Start of Input data

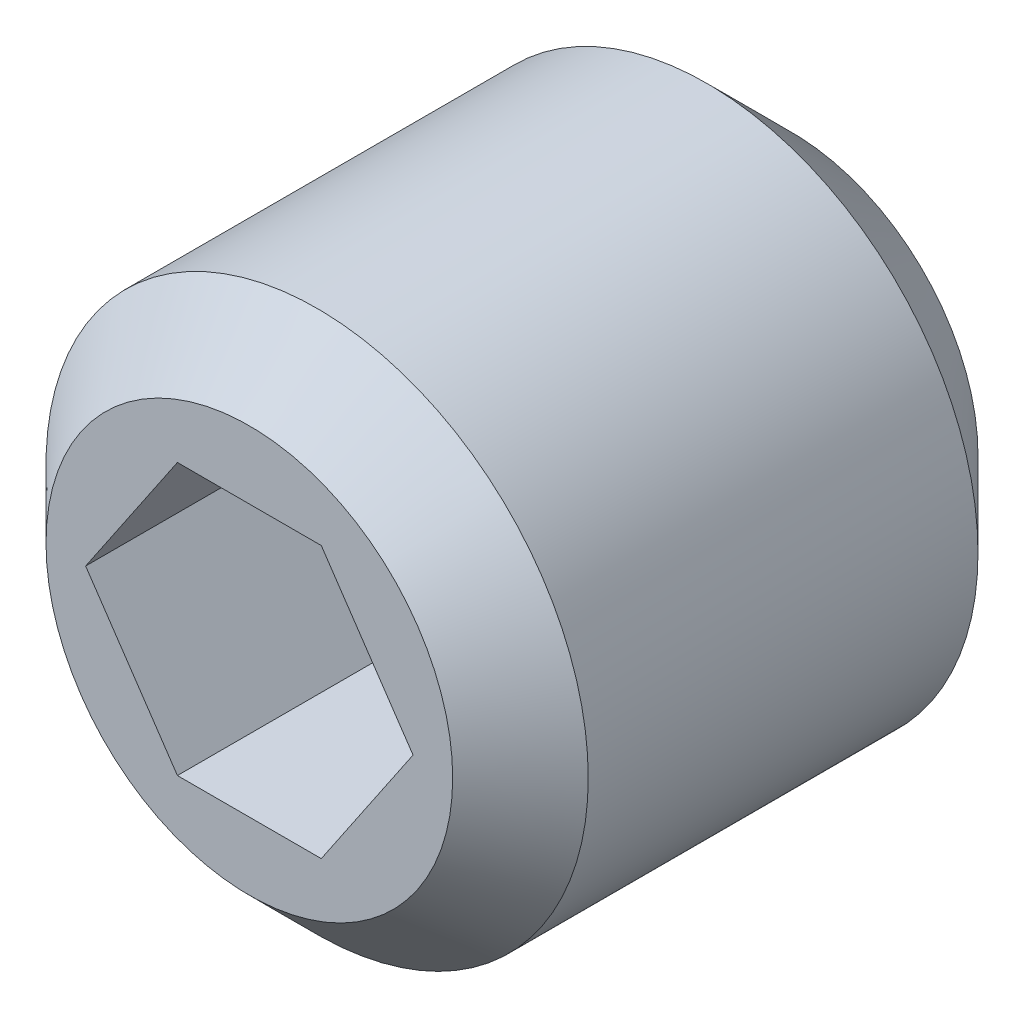
ISO-10303-21;
HEADER;
FILE_DESCRIPTION(('STEP AP214'),'2;1');
FILE_NAME('part.step','',(''),(''),'','','');
FILE_SCHEMA(('AUTOMOTIVE_DESIGN { 1 0 10303 214 1 1 1 1 }'));
ENDSEC;
DATA;
#1=APPLICATION_CONTEXT('core data for automotive mechanical design processes');
#2=APPLICATION_PROTOCOL_DEFINITION('international standard','automotive_design',2000,#1);
#3=PRODUCT_CONTEXT('',#1,'mechanical');
#4=PRODUCT('Part','Part','',(#3));
#5=PRODUCT_RELATED_PRODUCT_CATEGORY('part','',(#4));
#6=PRODUCT_DEFINITION_FORMATION('','',#4);
#7=PRODUCT_DEFINITION_CONTEXT('part definition',#1,'design');
#8=PRODUCT_DEFINITION('design','',#6,#7);
#9=PRODUCT_DEFINITION_SHAPE('','',#8);
#10=(LENGTH_UNIT() NAMED_UNIT(*) SI_UNIT(.MILLI.,.METRE.));
#11=(NAMED_UNIT(*) PLANE_ANGLE_UNIT() SI_UNIT($,.RADIAN.));
#12=(NAMED_UNIT(*) SI_UNIT($,.STERADIAN.) SOLID_ANGLE_UNIT());
#13=UNCERTAINTY_MEASURE_WITH_UNIT(LENGTH_MEASURE(1.E-05),#10,'distance_accuracy_value','');
#14=(GEOMETRIC_REPRESENTATION_CONTEXT(3) GLOBAL_UNCERTAINTY_ASSIGNED_CONTEXT((#13)) GLOBAL_UNIT_ASSIGNED_CONTEXT((#10,
#11,#12)) REPRESENTATION_CONTEXT('',''));
#15=CARTESIAN_POINT('',(0.,0.,0.));
#16=DIRECTION('',(0.,0.,1.));
#17=DIRECTION('',(1.,0.,0.));
#18=AXIS2_PLACEMENT_3D('',#15,#16,#17);
#19=CARTESIAN_POINT('',(0.,0.,8.00000000000007));
#20=DIRECTION('',(0.,0.,-1.));
#21=DIRECTION('',(-1.,0.,0.));
#22=AXIS2_PLACEMENT_3D('',#19,#20,#21);
#23=CYLINDRICAL_SURFACE('',#22,4.);
#24=CARTESIAN_POINT('',(0.,0.,7.00000000000012));
#25=DIRECTION('',(0.,0.,1.));
#26=DIRECTION('',(1.,0.,0.));
#27=AXIS2_PLACEMENT_3D('',#24,#25,#26);
#28=CIRCLE('',#27,4.);
#29=CARTESIAN_POINT('',(4.,0.,7.00000000000011));
#30=VERTEX_POINT('',#29);
#31=EDGE_CURVE('E11',#30,#30,#28,.F.);
#32=ORIENTED_EDGE('',*,*,#31,.T.);
#33=EDGE_LOOP('',(#32));
#34=FACE_BOUND('',#33,.T.);
#35=CARTESIAN_POINT('',(0.,0.,1.25000000000011));
#36=DIRECTION('',(0.,0.,1.));
#37=DIRECTION('',(1.,0.,0.));
#38=AXIS2_PLACEMENT_3D('',#35,#36,#37);
#39=CIRCLE('',#38,4.);
#40=CARTESIAN_POINT('',(4.,0.,1.25000000000011));
#41=VERTEX_POINT('',#40);
#42=EDGE_CURVE('E140',#41,#41,#39,.T.);
#43=ORIENTED_EDGE('',*,*,#42,.T.);
#44=EDGE_LOOP('',(#43));
#45=FACE_BOUND('',#44,.T.);
#46=ADVANCED_FACE('F33',(#34,#45),#23,.T.);
#47=CARTESIAN_POINT('',(0.,0.,8.00000000000007));
#48=DIRECTION('',(0.,0.,1.));
#49=DIRECTION('',(1.,0.,0.));
#50=AXIS2_PLACEMENT_3D('',#47,#48,#49);
#51=PLANE('',#50);
#52=CARTESIAN_POINT('',(0.,0.,8.00000000000007));
#53=DIRECTION('',(0.,0.,1.));
#54=DIRECTION('',(1.,0.,0.));
#55=AXIS2_PLACEMENT_3D('',#52,#53,#54);
#56=CIRCLE('',#55,2.99999999999998);
#57=CARTESIAN_POINT('',(2.99999999999997,0.,8.00000000000007));
#58=VERTEX_POINT('',#57);
#59=EDGE_CURVE('E40',#58,#58,#56,.T.);
#60=ORIENTED_EDGE('',*,*,#59,.T.);
#61=EDGE_LOOP('',(#60));
#62=FACE_BOUND('',#61,.T.);
#63=DIRECTION('',(0.560582505827001,0.828098577562311,0.));
#64=VECTOR('',#63,1.);
#65=CARTESIAN_POINT('',(1.06126856410381,-2.00000000000011,8.00000000000015));
#66=LINE('',#65,#64);
#67=CARTESIAN_POINT('',(1.06126856410381,-2.00000000000011,8.00000000000015));
#68=VERTEX_POINT('',#67);
#69=CARTESIAN_POINT('',(2.41517139890206,0.,8.00000000000013));
#70=VERTEX_POINT('',#69);
#71=EDGE_CURVE('E47',#68,#70,#66,.T.);
#72=ORIENTED_EDGE('',*,*,#71,.F.);
#73=DIRECTION('',(1.,0.,0.));
#74=VECTOR('',#73,1.);
#75=CARTESIAN_POINT('',(-1.06126856410403,-2.00000000000013,8.00000000000012));
#76=LINE('',#75,#74);
#77=CARTESIAN_POINT('',(-1.06126856410403,-2.00000000000013,8.00000000000012));
#78=VERTEX_POINT('',#77);
#79=EDGE_CURVE('E116',#78,#68,#76,.T.);
#80=ORIENTED_EDGE('',*,*,#79,.F.);
#81=DIRECTION('',(0.560582505826999,-0.82809857756231,0.));
#82=VECTOR('',#81,1.);
#83=CARTESIAN_POINT('',(-2.41517139890215,0.,8.00000000000001));
#84=LINE('',#83,#82);
#85=CARTESIAN_POINT('',(-2.41517139890215,0.,8.00000000000001));
#86=VERTEX_POINT('',#85);
#87=EDGE_CURVE('E110',#86,#78,#84,.T.);
#88=ORIENTED_EDGE('',*,*,#87,.F.);
#89=DIRECTION('',(-0.560582505827001,-0.828098577562311,0.));
#90=VECTOR('',#89,1.);
#91=CARTESIAN_POINT('',(-1.06126856410401,1.99999999999989,8.0000000000001));
#92=LINE('',#91,#90);
#93=CARTESIAN_POINT('',(-1.06126856410401,1.99999999999989,8.0000000000001));
#94=VERTEX_POINT('',#93);
#95=EDGE_CURVE('E108',#94,#86,#92,.T.);
#96=ORIENTED_EDGE('',*,*,#95,.F.);
#97=DIRECTION('',(-1.,0.,0.));
#98=VECTOR('',#97,1.);
#99=CARTESIAN_POINT('',(1.06126856410382,1.99999999999993,8.00000000000016));
#100=LINE('',#99,#98);
#101=CARTESIAN_POINT('',(1.06126856410382,1.99999999999993,8.00000000000016));
#102=VERTEX_POINT('',#101);
#103=EDGE_CURVE('E90',#102,#94,#100,.T.);
#104=ORIENTED_EDGE('',*,*,#103,.F.);
#105=DIRECTION('',(-0.560582505826999,0.82809857756231,0.));
#106=VECTOR('',#105,1.);
#107=CARTESIAN_POINT('',(2.41517139890206,0.,8.00000000000013));
#108=LINE('',#107,#106);
#109=EDGE_CURVE('E101',#70,#102,#108,.T.);
#110=ORIENTED_EDGE('',*,*,#109,.F.);
#111=EDGE_LOOP('',(#72,#80,#88,#96,#104,#110));
#112=FACE_BOUND('',#111,.T.);
#113=ADVANCED_FACE('F105',(#62,#112),#51,.T.);
#114=CARTESIAN_POINT('',(-1.21430643318376E-13,0.,1.2490009027033E-13));
#115=DIRECTION('',(0.,0.,1.));
#116=DIRECTION('',(1.,0.,0.));
#117=AXIS2_PLACEMENT_3D('',#114,#115,#116);
#118=PLANE('',#117);
#119=CARTESIAN_POINT('',(-1.21430643318376E-13,0.,1.2490009027033E-13));
#120=DIRECTION('',(0.,0.,1.));
#121=DIRECTION('',(1.,0.,0.));
#122=AXIS2_PLACEMENT_3D('',#119,#120,#121);
#123=CIRCLE('',#122,2.74999999999999);
#124=CARTESIAN_POINT('',(2.74999999999987,0.,1.21617993453782E-13));
#125=VERTEX_POINT('',#124);
#126=EDGE_CURVE('E143',#125,#125,#123,.F.);
#127=ORIENTED_EDGE('',*,*,#126,.T.);
#128=EDGE_LOOP('',(#127));
#129=FACE_BOUND('',#128,.T.);
#130=ADVANCED_FACE('F163',(#129),#118,.F.);
#131=CARTESIAN_POINT('',(0.,0.,1.25000000000011));
#132=DIRECTION('',(0.,0.,1.));
#133=DIRECTION('',(1.,0.,0.));
#134=AXIS2_PLACEMENT_3D('',#131,#132,#133);
#135=CONICAL_SURFACE('',#134,4.,0.785398163397443);
#136=ORIENTED_EDGE('',*,*,#126,.F.);
#137=EDGE_LOOP('',(#136));
#138=FACE_BOUND('',#137,.T.);
#139=ORIENTED_EDGE('',*,*,#42,.F.);
#140=EDGE_LOOP('',(#139));
#141=FACE_BOUND('',#140,.T.);
#142=ADVANCED_FACE('F168',(#138,#141),#135,.T.);
#143=CARTESIAN_POINT('',(1.06126856410385,-2.00000000000004,4.00000000000005));
#144=DIRECTION('',(0.828098577562312,-0.560582505827,0.));
#145=DIRECTION('',(0.560582505827001,0.828098577562311,0.));
#146=AXIS2_PLACEMENT_3D('',#143,#144,#145);
#147=PLANE('',#146);
#148=DIRECTION('',(0.,0.,1.));
#149=VECTOR('',#148,1.);
#150=CARTESIAN_POINT('',(1.06126856410385,-2.00000000000004,4.00000000000005));
#151=LINE('',#150,#149);
#152=CARTESIAN_POINT('',(1.06126856410385,-2.00000000000004,4.00000000000005));
#153=VERTEX_POINT('',#152);
#154=EDGE_CURVE('E54',#153,#68,#151,.T.);
#155=ORIENTED_EDGE('',*,*,#154,.T.);
#156=ORIENTED_EDGE('',*,*,#71,.T.);
#157=DIRECTION('',(0.,0.,1.));
#158=VECTOR('',#157,1.);
#159=CARTESIAN_POINT('',(2.41517139890206,0.,4.00000000000016));
#160=LINE('',#159,#158);
#161=CARTESIAN_POINT('',(2.41517139890206,0.,4.00000000000016));
#162=VERTEX_POINT('',#161);
#163=EDGE_CURVE('E98',#162,#70,#160,.T.);
#164=ORIENTED_EDGE('',*,*,#163,.F.);
#165=DIRECTION('',(0.560582505827001,0.828098577562311,0.));
#166=VECTOR('',#165,1.);
#167=CARTESIAN_POINT('',(1.06126856410385,-2.00000000000004,4.00000000000005));
#168=LINE('',#167,#166);
#169=EDGE_CURVE('E118',#153,#162,#168,.T.);
#170=ORIENTED_EDGE('',*,*,#169,.F.);
#171=EDGE_LOOP('',(#155,#156,#164,#170));
#172=FACE_BOUND('',#171,.T.);
#173=ADVANCED_FACE('F175',(#172),#147,.F.);
#174=CARTESIAN_POINT('',(-1.06126856410389,-2.00000000000004,4.00000000000011));
#175=DIRECTION('',(0.,-1.,0.));
#176=DIRECTION('',(0.,0.,-1.));
#177=AXIS2_PLACEMENT_3D('',#174,#175,#176);
#178=PLANE('',#177);
#179=DIRECTION('',(0.,0.,1.));
#180=VECTOR('',#179,1.);
#181=CARTESIAN_POINT('',(-1.06126856410389,-2.00000000000004,4.00000000000011));
#182=LINE('',#181,#180);
#183=CARTESIAN_POINT('',(-1.06126856410389,-2.00000000000004,4.00000000000011));
#184=VERTEX_POINT('',#183);
#185=EDGE_CURVE('E137',#184,#78,#182,.T.);
#186=ORIENTED_EDGE('',*,*,#185,.T.);
#187=ORIENTED_EDGE('',*,*,#79,.T.);
#188=ORIENTED_EDGE('',*,*,#154,.F.);
#189=DIRECTION('',(1.,0.,0.));
#190=VECTOR('',#189,1.);
#191=CARTESIAN_POINT('',(-1.06126856410389,-2.00000000000004,4.00000000000011));
#192=LINE('',#191,#190);
#193=EDGE_CURVE('E130',#184,#153,#192,.T.);
#194=ORIENTED_EDGE('',*,*,#193,.F.);
#195=EDGE_LOOP('',(#186,#187,#188,#194));
#196=FACE_BOUND('',#195,.T.);
#197=ADVANCED_FACE('F177',(#196),#178,.F.);
#198=CARTESIAN_POINT('',(-2.41517139890217,0.,4.00000000000014));
#199=DIRECTION('',(-0.828098577562312,-0.560582505827,0.));
#200=DIRECTION('',(0.560582505826999,-0.828098577562311,0.));
#201=AXIS2_PLACEMENT_3D('',#198,#199,#200);
#202=PLANE('',#201);
#203=DIRECTION('',(0.,0.,1.));
#204=VECTOR('',#203,1.);
#205=CARTESIAN_POINT('',(-2.41517139890217,0.,4.00000000000014));
#206=LINE('',#205,#204);
#207=CARTESIAN_POINT('',(-2.41517139890217,0.,4.00000000000014));
#208=VERTEX_POINT('',#207);
#209=EDGE_CURVE('E135',#208,#86,#206,.T.);
#210=ORIENTED_EDGE('',*,*,#209,.T.);
#211=ORIENTED_EDGE('',*,*,#87,.T.);
#212=ORIENTED_EDGE('',*,*,#185,.F.);
#213=DIRECTION('',(0.560582505826999,-0.82809857756231,0.));
#214=VECTOR('',#213,1.);
#215=CARTESIAN_POINT('',(-2.41517139890217,0.,4.00000000000014));
#216=LINE('',#215,#214);
#217=EDGE_CURVE('E127',#208,#184,#216,.T.);
#218=ORIENTED_EDGE('',*,*,#217,.F.);
#219=EDGE_LOOP('',(#210,#211,#212,#218));
#220=FACE_BOUND('',#219,.T.);
#221=ADVANCED_FACE('F180',(#220),#202,.F.);
#222=CARTESIAN_POINT('',(-1.0612685641039,1.99999999999999,4.00000000000015));
#223=DIRECTION('',(-0.828098577562312,0.560582505827,0.));
#224=DIRECTION('',(-0.560582505827001,-0.828098577562311,0.));
#225=AXIS2_PLACEMENT_3D('',#222,#223,#224);
#226=PLANE('',#225);
#227=DIRECTION('',(0.,0.,1.));
#228=VECTOR('',#227,1.);
#229=CARTESIAN_POINT('',(-1.0612685641039,1.99999999999999,4.00000000000015));
#230=LINE('',#229,#228);
#231=CARTESIAN_POINT('',(-1.0612685641039,1.99999999999999,4.00000000000015));
#232=VERTEX_POINT('',#231);
#233=EDGE_CURVE('E97',#232,#94,#230,.T.);
#234=ORIENTED_EDGE('',*,*,#233,.T.);
#235=ORIENTED_EDGE('',*,*,#95,.T.);
#236=ORIENTED_EDGE('',*,*,#209,.F.);
#237=DIRECTION('',(-0.560582505827001,-0.828098577562311,0.));
#238=VECTOR('',#237,1.);
#239=CARTESIAN_POINT('',(-1.0612685641039,1.99999999999999,4.00000000000015));
#240=LINE('',#239,#238);
#241=EDGE_CURVE('E124',#232,#208,#240,.T.);
#242=ORIENTED_EDGE('',*,*,#241,.F.);
#243=EDGE_LOOP('',(#234,#235,#236,#242));
#244=FACE_BOUND('',#243,.T.);
#245=ADVANCED_FACE('F183',(#244),#226,.F.);
#246=CARTESIAN_POINT('',(1.06126856410388,2.,4.));
#247=DIRECTION('',(0.,1.,0.));
#248=DIRECTION('',(0.,0.,1.));
#249=AXIS2_PLACEMENT_3D('',#246,#247,#248);
#250=PLANE('',#249);
#251=DIRECTION('',(0.,0.,1.));
#252=VECTOR('',#251,1.);
#253=CARTESIAN_POINT('',(1.06126856410388,2.,4.));
#254=LINE('',#253,#252);
#255=CARTESIAN_POINT('',(1.06126856410388,2.,4.));
#256=VERTEX_POINT('',#255);
#257=EDGE_CURVE('E86',#256,#102,#254,.T.);
#258=ORIENTED_EDGE('',*,*,#257,.T.);
#259=ORIENTED_EDGE('',*,*,#103,.T.);
#260=ORIENTED_EDGE('',*,*,#233,.F.);
#261=DIRECTION('',(-1.,0.,0.));
#262=VECTOR('',#261,1.);
#263=CARTESIAN_POINT('',(1.06126856410388,2.,4.));
#264=LINE('',#263,#262);
#265=EDGE_CURVE('E93',#256,#232,#264,.T.);
#266=ORIENTED_EDGE('',*,*,#265,.F.);
#267=EDGE_LOOP('',(#258,#259,#260,#266));
#268=FACE_BOUND('',#267,.T.);
#269=ADVANCED_FACE('F88',(#268),#250,.F.);
#270=CARTESIAN_POINT('',(2.41517139890206,0.,4.00000000000016));
#271=DIRECTION('',(0.828098577562312,0.560582505827,0.));
#272=DIRECTION('',(-0.560582505826999,0.828098577562311,0.));
#273=AXIS2_PLACEMENT_3D('',#270,#271,#272);
#274=PLANE('',#273);
#275=DIRECTION('',(-0.560582505826999,0.82809857756231,0.));
#276=VECTOR('',#275,1.);
#277=CARTESIAN_POINT('',(2.41517139890206,0.,4.00000000000016));
#278=LINE('',#277,#276);
#279=EDGE_CURVE('E121',#162,#256,#278,.T.);
#280=ORIENTED_EDGE('',*,*,#279,.F.);
#281=ORIENTED_EDGE('',*,*,#163,.T.);
#282=ORIENTED_EDGE('',*,*,#109,.T.);
#283=ORIENTED_EDGE('',*,*,#257,.F.);
#284=EDGE_LOOP('',(#280,#281,#282,#283));
#285=FACE_BOUND('',#284,.T.);
#286=ADVANCED_FACE('F102',(#285),#274,.F.);
#287=CARTESIAN_POINT('',(2.41517139890206,0.,4.00000000000016));
#288=DIRECTION('',(0.,0.,1.));
#289=DIRECTION('',(1.,0.,0.));
#290=AXIS2_PLACEMENT_3D('',#287,#288,#289);
#291=PLANE('',#290);
#292=ORIENTED_EDGE('',*,*,#169,.T.);
#293=ORIENTED_EDGE('',*,*,#279,.T.);
#294=ORIENTED_EDGE('',*,*,#265,.T.);
#295=ORIENTED_EDGE('',*,*,#241,.T.);
#296=ORIENTED_EDGE('',*,*,#217,.T.);
#297=ORIENTED_EDGE('',*,*,#193,.T.);
#298=EDGE_LOOP('',(#292,#293,#294,#295,#296,#297));
#299=FACE_BOUND('',#298,.T.);
#300=ADVANCED_FACE('F151',(#299),#291,.T.);
#301=CARTESIAN_POINT('',(0.,0.,8.00000000000007));
#302=DIRECTION('',(0.,0.,-1.));
#303=DIRECTION('',(-1.,0.,0.));
#304=AXIS2_PLACEMENT_3D('',#301,#302,#303);
#305=CONICAL_SURFACE('',#304,2.99999999999998,0.785398163397453);
#306=ORIENTED_EDGE('',*,*,#31,.F.);
#307=EDGE_LOOP('',(#306));
#308=FACE_BOUND('',#307,.T.);
#309=ORIENTED_EDGE('',*,*,#59,.F.);
#310=EDGE_LOOP('',(#309));
#311=FACE_BOUND('',#310,.T.);
#312=ADVANCED_FACE('F149',(#308,#311),#305,.T.);
#313=CLOSED_SHELL('',(#46,#113,#130,#142,#173,#197,#221,#245,#269,#286,#300,#312));
#314=MANIFOLD_SOLID_BREP('B2',#313);
#315=ADVANCED_BREP_SHAPE_REPRESENTATION('',(#18,#314),#14);
#316=SHAPE_DEFINITION_REPRESENTATION(#9,#315);
ENDSEC;
END-ISO-10303-21;

End of Input data

▶ What you will do
Could you reproduce exactly, and only, the lines from the start of the records through the line containing "#5=PRODUCT_RELATED_PRODUCT_CATEGORY('part','',(#4));", leaving out the pictures?

▶ Expected output
ISO-10303-21;
HEADER;
FILE_DESCRIPTION(('STEP AP214'),'2;1');
FILE_NAME('part.step','',(''),(''),'','','');
FILE_SCHEMA(('AUTOMOTIVE_DESIGN { 1 0 10303 214 1 1 1 1 }'));
ENDSEC;
DATA;
#1=APPLICATION_CONTEXT('core data for automotive mechanical design processes');
#2=APPLICATION_PROTOCOL_DEFINITION('international standard','automotive_design',2000,#1);
#3=PRODUCT_CONTEXT('',#1,'mechanical');
#4=PRODUCT('Part','Part','',(#3));
#5=PRODUCT_RELATED_PRODUCT_CATEGORY('part','',(#4));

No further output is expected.